Mhm! I plan to get some great games for it off ebay too. Oh, and news to add with it, I tried Sonic CD out on it, perfect! Although I did notice, in Tidal Tempest, Act III, in the beginning of the boss battle, when Dr. Robotnik was gathering the air pockets, it was lagging for at that part... I don't know if this is normal or not, any ideas?







Other than that, it seems to run great.


----------



## RADEON

Quote:



Originally Posted by *Hoodcom*


Mhm! I plan to get some great games for it off ebay too. Oh, and news to add with it, I tried Sonic CD out on it, perfect! Although I did notice, in Tidal Tempest, Act III, in the beginning of the boss battle, when Dr. Robotnik was gathering the air pockets, it was lagging for at that part... I don't know if this is normal or not, any ideas?

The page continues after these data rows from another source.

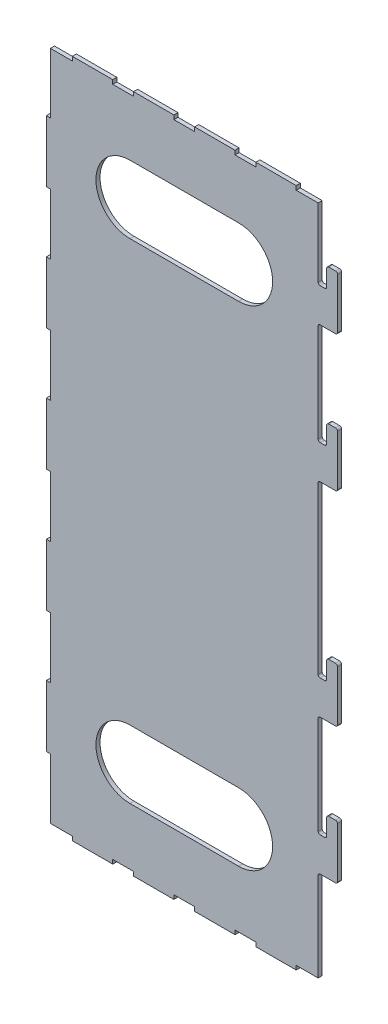
from build123d import *

# Parameters (mm, degrees)
SALIENTE_EXTRUIR1_DEPTH = 3
CORTAR_EXTRUIR1_REACH   = 5
CROQUIS2_W              = 15.3
CROQUIS2_H              = 3
CROQUIS2_W_2            = 16.15
CROQUIS2_W_3            = 3
CROQUIS2_H_2            = 44.7


with BuildPart() as part:
    # Croquis1 → Saliente-Extruir1 (new body)
    with BuildSketch(Plane.XY):
        with BuildLine():
            Line((101.5, 195), (104.8, 195))
            ThreePointArc((104.8, 195), (105.860660172, 195.439339828), (106.3, 196.5))
            Line((106.3, 196.5), (106.3, 208.5))
            ThreePointArc((106.3, 208.5), (106.739339828, 209.560660172), (107.8, 210))
            Line((107.8, 210), (112.8, 210))
            ThreePointArc((112.8, 210), (113.860660172, 209.560660172), (114.3, 208.5))
            Line((114.3, 208.5), (114.3, 171.5))
            ThreePointArc((114.3, 171.5), (113.860660172, 170.439339828), (112.8, 170))
            Line((112.8, 170), (101.5, 170))
            ThreePointArc((101.5, 170), (100.439339828, 169.560660172), (100, 168.5))
            Line((100, 168.5), (100, 96.5))
            ThreePointArc((100, 96.5), (100.439339828, 95.439339828), (101.5, 95))
            Line((101.5, 95), (104.8, 95))
            ThreePointArc((104.8, 95), (105.860660172, 95.439339828), (106.3, 96.5))
            Line((106.3, 96.5), (106.3, 108.5))
            ThreePointArc((106.3, 108.5), (106.739339828, 109.560660172), (107.8, 110))
            Line((107.8, 110), (112.8, 110))
            ThreePointArc((112.8, 110), (113.860660172, 109.560660172), (114.3, 108.5))
            Line((114.3, 108.5), (114.3, 71.5))
            ThreePointArc((114.3, 71.5), (113.860660172, 70.439339828), (112.8, 70))
            Line((112.8, 70), (101.5, 70))
            ThreePointArc((101.5, 70), (100.439339828, 69.560660172), (100, 68.5))
            Line((100, 68.5), (100, -53.5))
            ThreePointArc((100, -53.5), (100.439339828, -54.560660172), (101.5, -55))
            Line((101.5, -55), (104.8, -55))
            ThreePointArc((104.8, -55), (105.860660172, -54.560660172), (106.3, -53.5))
            Line((106.3, -53.5), (106.3, -41.5))
            ThreePointArc((106.3, -41.5), (106.739339828, -40.439339828), (107.8, -40))
            Line((107.8, -40), (112.8, -40))
            ThreePointArc((112.8, -40), (113.860660172, -40.439339828), (114.3, -41.5))
            Line((114.3, -41.5), (114.3, -78.5))
            ThreePointArc((114.3, -78.5), (113.860660172, -79.560660172), (112.8, -80))
            Line((112.8, -80), (101.5, -80))
            ThreePointArc((101.5, -80), (100.439339828, -80.439339828), (100, -81.5))
            Line((100, -81.5), (100, -153.5))
            ThreePointArc((100, -153.5), (100.439339828, -154.560660172), (101.5, -155))
            Line((101.5, -155), (104.8, -155))
            ThreePointArc((104.8, -155), (105.860660172, -154.560660172), (106.3, -153.5))
            Line((106.3, -153.5), (106.3, -141.5))
            ThreePointArc((106.3, -141.5), (106.739339828, -140.439339828), (107.8, -140))
            Line((107.8, -140), (112.8, -140))
            ThreePointArc((112.8, -140), (113.860660172, -140.439339828), (114.3, -141.5))
            Line((114.3, -141.5), (114.3, -178.5))
            ThreePointArc((114.3, -178.5), (113.860660172, -179.560660172), (112.8, -180))
            Line((112.8, -180), (101.5, -180))
            ThreePointArc((101.5, -180), (100.439339828, -180.439339828), (100, -181.5))
            Line((100, -181.5), (100, -250))
            Line((100, -250), (-100, -250))
            Line((-100, -250), (-100, 250))
            Line((-100, 250), (100, 250))
            Line((100, 250), (100, 196.5))
            ThreePointArc((100, 196.5), (100.439339828, 195.439339828), (101.5, 195))
        make_face()
    extrude(amount=SALIENTE_EXTRUIR1_DEPTH)

    # Croquis2 → Cortar-Extruir1 (cut, up to next)
    with BuildSketch(Plane.XY.offset(3), mode=Mode.PRIVATE) as cortar_extruir1_sk1:
        Polygon((-100, -250), (-80.85, -250), (-80.85, -247), (-97, -247), (-97, -202.65), (-100, -202.65), align=None)
    cortar_extruir1_tool1 = extrude(cortar_extruir1_sk1.sketch, amount=-CORTAR_EXTRUIR1_REACH, mode=Mode.PRIVATE) & part.part
    add(cortar_extruir1_tool1.solids().sort_by_distance((-99.489241, -226.325, 3))[0], mode=Mode.SUBTRACT)
    # Croquis2 → Cortar-Extruir1 (cut, up to next)
    with BuildSketch(Plane.XY.offset(3), mode=Mode.PRIVATE) as cortar_extruir1_sk2:
        with Locations((-43.5, -248.5)):
            Rectangle(CROQUIS2_W, CROQUIS2_H)
    cortar_extruir1_tool2 = extrude(cortar_extruir1_sk2.sketch, amount=-CORTAR_EXTRUIR1_REACH, mode=Mode.PRIVATE) & part.part
    add(cortar_extruir1_tool2.solids().sort_by_distance((-43.5, -248.5, 3))[0], mode=Mode.SUBTRACT)
    # Croquis2 → Cortar-Extruir1 (cut, up to next)
    with BuildSketch(Plane.XY.offset(3), mode=Mode.PRIVATE) as cortar_extruir1_sk3:
        with Locations((1.5, -248.5)):
            Rectangle(CROQUIS2_W, CROQUIS2_H)
    cortar_extruir1_tool3 = extrude(cortar_extruir1_sk3.sketch, amount=-CORTAR_EXTRUIR1_REACH, mode=Mode.PRIVATE) & part.part
    add(cortar_extruir1_tool3.solids().sort_by_distance((1.5, -248.5, 3))[0], mode=Mode.SUBTRACT)
    # Croquis2 → Cortar-Extruir1 (cut, up to next)
    with BuildSketch(Plane.XY.offset(3), mode=Mode.PRIVATE) as cortar_extruir1_sk4:
        with Locations((46.5, -248.5)):
            Rectangle(CROQUIS2_W, CROQUIS2_H)
    cortar_extruir1_tool4 = extrude(cortar_extruir1_sk4.sketch, amount=-CORTAR_EXTRUIR1_REACH, mode=Mode.PRIVATE) & part.part
    add(cortar_extruir1_tool4.solids().sort_by_distance((46.5, -248.5, 3))[0], mode=Mode.SUBTRACT)
    # Croquis2 → Cortar-Extruir1 (cut, up to next)
    with BuildSketch(Plane.XY.offset(3), mode=Mode.PRIVATE) as cortar_extruir1_sk5:
        with Locations((91.925, -248.5)):
            Rectangle(CROQUIS2_W_2, CROQUIS2_H)
    cortar_extruir1_tool5 = extrude(cortar_extruir1_sk5.sketch, amount=-CORTAR_EXTRUIR1_REACH, mode=Mode.PRIVATE) & part.part
    add(cortar_extruir1_tool5.solids().sort_by_distance((91.925, -248.5, 3))[0], mode=Mode.SUBTRACT)
    # Croquis2 → Cortar-Extruir1 (cut, up to next)
    with BuildSketch(Plane.XY.offset(3), mode=Mode.PRIVATE) as cortar_extruir1_sk6:
        with Locations((-98.5, -135)):
            Rectangle(CROQUIS2_W_3, CROQUIS2_H_2)
    cortar_extruir1_tool6 = extrude(cortar_extruir1_sk6.sketch, amount=-CORTAR_EXTRUIR1_REACH, mode=Mode.PRIVATE) & part.part
    add(cortar_extruir1_tool6.solids().sort_by_distance((-98.5, -135, 3))[0], mode=Mode.SUBTRACT)
    # Croquis2 → Cortar-Extruir1 (cut, up to next)
    with BuildSketch(Plane.XY.offset(3), mode=Mode.PRIVATE) as cortar_extruir1_sk7:
        with Locations((-98.5, -45)):
            Rectangle(CROQUIS2_W_3, CROQUIS2_H_2)
    cortar_extruir1_tool7 = extrude(cortar_extruir1_sk7.sketch, amount=-CORTAR_EXTRUIR1_REACH, mode=Mode.PRIVATE) & part.part
    add(cortar_extruir1_tool7.solids().sort_by_distance((-98.5, -45, 3))[0], mode=Mode.SUBTRACT)
    # Croquis2 → Cortar-Extruir1 (cut, up to next)
    with BuildSketch(Plane.XY.offset(3), mode=Mode.PRIVATE) as cortar_extruir1_sk8:
        with Locations((-98.5, 45)):
            Rectangle(CROQUIS2_W_3, CROQUIS2_H_2)
    cortar_extruir1_tool8 = extrude(cortar_extruir1_sk8.sketch, amount=-CORTAR_EXTRUIR1_REACH, mode=Mode.PRIVATE) & part.part
    add(cortar_extruir1_tool8.solids().sort_by_distance((-98.5, 45, 3))[0], mode=Mode.SUBTRACT)
    # Croquis2 → Cortar-Extruir1 (cut, up to next)
    with BuildSketch(Plane.XY.offset(3), mode=Mode.PRIVATE) as cortar_extruir1_sk9:
        with Locations((-98.5, 135)):
            Rectangle(CROQUIS2_W_3, CROQUIS2_H_2)
    cortar_extruir1_tool9 = extrude(cortar_extruir1_sk9.sketch, amount=-CORTAR_EXTRUIR1_REACH, mode=Mode.PRIVATE) & part.part
    add(cortar_extruir1_tool9.solids().sort_by_distance((-98.5, 135, 3))[0], mode=Mode.SUBTRACT)
    # Croquis2 → Cortar-Extruir1 (cut, up to next)
    with BuildSketch(Plane.XY.offset(3), mode=Mode.PRIVATE) as cortar_extruir1_sk10:
        Polygon((-80.85, 247), (-80.85, 250), (-100, 250), (-100, 202.65), (-97, 202.65), (-97, 247), align=None)
    cortar_extruir1_tool10 = extrude(cortar_extruir1_sk10.sketch, amount=-CORTAR_EXTRUIR1_REACH, mode=Mode.PRIVATE) & part.part
    add(cortar_extruir1_tool10.solids().sort_by_distance((-81.360759, 248.5, 3))[0], mode=Mode.SUBTRACT)
    # Croquis2 → Cortar-Extruir1 (cut, up to next)
    with BuildSketch(Plane.XY.offset(3), mode=Mode.PRIVATE) as cortar_extruir1_sk11:
        with Locations((-43.5, 248.5)):
            Rectangle(CROQUIS2_W, CROQUIS2_H)
    cortar_extruir1_tool11 = extrude(cortar_extruir1_sk11.sketch, amount=-CORTAR_EXTRUIR1_REACH, mode=Mode.PRIVATE) & part.part
    add(cortar_extruir1_tool11.solids().sort_by_distance((-43.5, 248.5, 3))[0], mode=Mode.SUBTRACT)
    # Croquis2 → Cortar-Extruir1 (cut, up to next)
    with BuildSketch(Plane.XY.offset(3), mode=Mode.PRIVATE) as cortar_extruir1_sk12:
        with BuildLine():
            ThreePointArc((41.5, 155), (59.17766953, 162.32233047), (66.5, 180))
            ThreePointArc((66.5, 180), (59.17766953, 197.67766953), (41.5, 205))
            Line((41.5, 205), (-38.5, 205))
            ThreePointArc((-38.5, 205), (-63.5, 180), (-38.5, 155))
            Line((-38.5, 155), (41.5, 155))
        make_face()
    cortar_extruir1_tool12 = extrude(cortar_extruir1_sk12.sketch, amount=-CORTAR_EXTRUIR1_REACH, mode=Mode.PRIVATE) & part.part
    add(cortar_extruir1_tool12.solids().sort_by_distance((1.5, 180, 3))[0], mode=Mode.SUBTRACT)
    # Croquis2 → Cortar-Extruir1 (cut, up to next)
    with BuildSketch(Plane.XY.offset(3), mode=Mode.PRIVATE) as cortar_extruir1_sk13:
        with Locations((46.5, 248.5)):
            Rectangle(CROQUIS2_W, CROQUIS2_H)
    cortar_extruir1_tool13 = extrude(cortar_extruir1_sk13.sketch, amount=-CORTAR_EXTRUIR1_REACH, mode=Mode.PRIVATE) & part.part
    add(cortar_extruir1_tool13.solids().sort_by_distance((46.5, 248.5, 3))[0], mode=Mode.SUBTRACT)
    # Croquis2 → Cortar-Extruir1 (cut, up to next)
    with BuildSketch(Plane.XY.offset(3), mode=Mode.PRIVATE) as cortar_extruir1_sk14:
        with Locations((1.5, 248.5)):
            Rectangle(CROQUIS2_W, CROQUIS2_H)
    cortar_extruir1_tool14 = extrude(cortar_extruir1_sk14.sketch, amount=-CORTAR_EXTRUIR1_REACH, mode=Mode.PRIVATE) & part.part
    add(cortar_extruir1_tool14.solids().sort_by_distance((1.5, 248.5, 3))[0], mode=Mode.SUBTRACT)
    # Croquis2 → Cortar-Extruir1 (cut, up to next)
    with BuildSketch(Plane.XY.offset(3), mode=Mode.PRIVATE) as cortar_extruir1_sk15:
        with Locations((91.925, 248.5)):
            Rectangle(CROQUIS2_W_2, CROQUIS2_H)
    cortar_extruir1_tool15 = extrude(cortar_extruir1_sk15.sketch, amount=-CORTAR_EXTRUIR1_REACH, mode=Mode.PRIVATE) & part.part
    add(cortar_extruir1_tool15.solids().sort_by_distance((91.925, 248.5, 3))[0], mode=Mode.SUBTRACT)
    # Croquis2 → Cortar-Extruir1 (cut, up to next)
    with BuildSketch(Plane.XY.offset(3), mode=Mode.PRIVATE) as cortar_extruir1_sk16:
        with BuildLine():
            ThreePointArc((41.5, -205), (59.17766953, -197.67766953), (66.5, -180))
            ThreePointArc((66.5, -180), (59.17766953, -162.32233047), (41.5, -155))
            Line((41.5, -155), (-38.5, -155))
            ThreePointArc((-38.5, -155), (-63.5, -180), (-38.5, -205))
            Line((-38.5, -205), (41.5, -205))
        make_face()
    cortar_extruir1_tool16 = extrude(cortar_extruir1_sk16.sketch, amount=-CORTAR_EXTRUIR1_REACH, mode=Mode.PRIVATE) & part.part
    add(cortar_extruir1_tool16.solids().sort_by_distance((1.5, -180, 3))[0], mode=Mode.SUBTRACT)


solid = part.part

Other than that, it seems to run great.



Ooo..Sonic CD! That game is da BOMB!

The slowdown on that part is normal. I've played that game quite a bit over the years. It's I think the best sonic game ever made. If you didn't know, if you finish a normal act (ie not a boss act) with 50 or more rings, you can jump through the big ring that appears at the end. You'll go to a bonus stage that is rendered in mode 7 3D. It's really cool and shows just what the machine is capable of.

If you ever see Batman Returns for that thing, grab it! That's also an ubercool game.


----------



## Hoodcom

Quote:


Originally Posted by *RADEON* 
Ooo..Sonic CD! That game is da BOMB!

The slowdown on that part is normal. I've played that game quite a bit over the years. It's I think the best sonic game ever made. If you didn't know, if you finish a normal act (ie not a boss act) with 50 or more rings, you can jump through the big ring that appears at the end. You'll go to a bonus stage that is rendered in mode 7 3D. It's really cool and shows just what the machine is capable of.

If you ever see Batman Returns for that thing, grab it! That's also an ubercool game.

I'll keep that in mind!









Well, Sega CD is still going! I had gotten Lunar: The Silver Star off ebay for it, and I have been playing it a lot. I have notice that sometimes it stops reading the disk, but all I had to do was open the lid for a bit, close it again and it works again. I know a power surge caused me to have to do that once, but other times were just it happening.. but hey, it's still going and I am still having fun...

I wanna get Lunar 2, but people charge a crazy amount of money for that and Lunar 1!!









I was lucky to get Lunar 1 for $20. Better than $50+ to $80+ on it that I've seen.


----------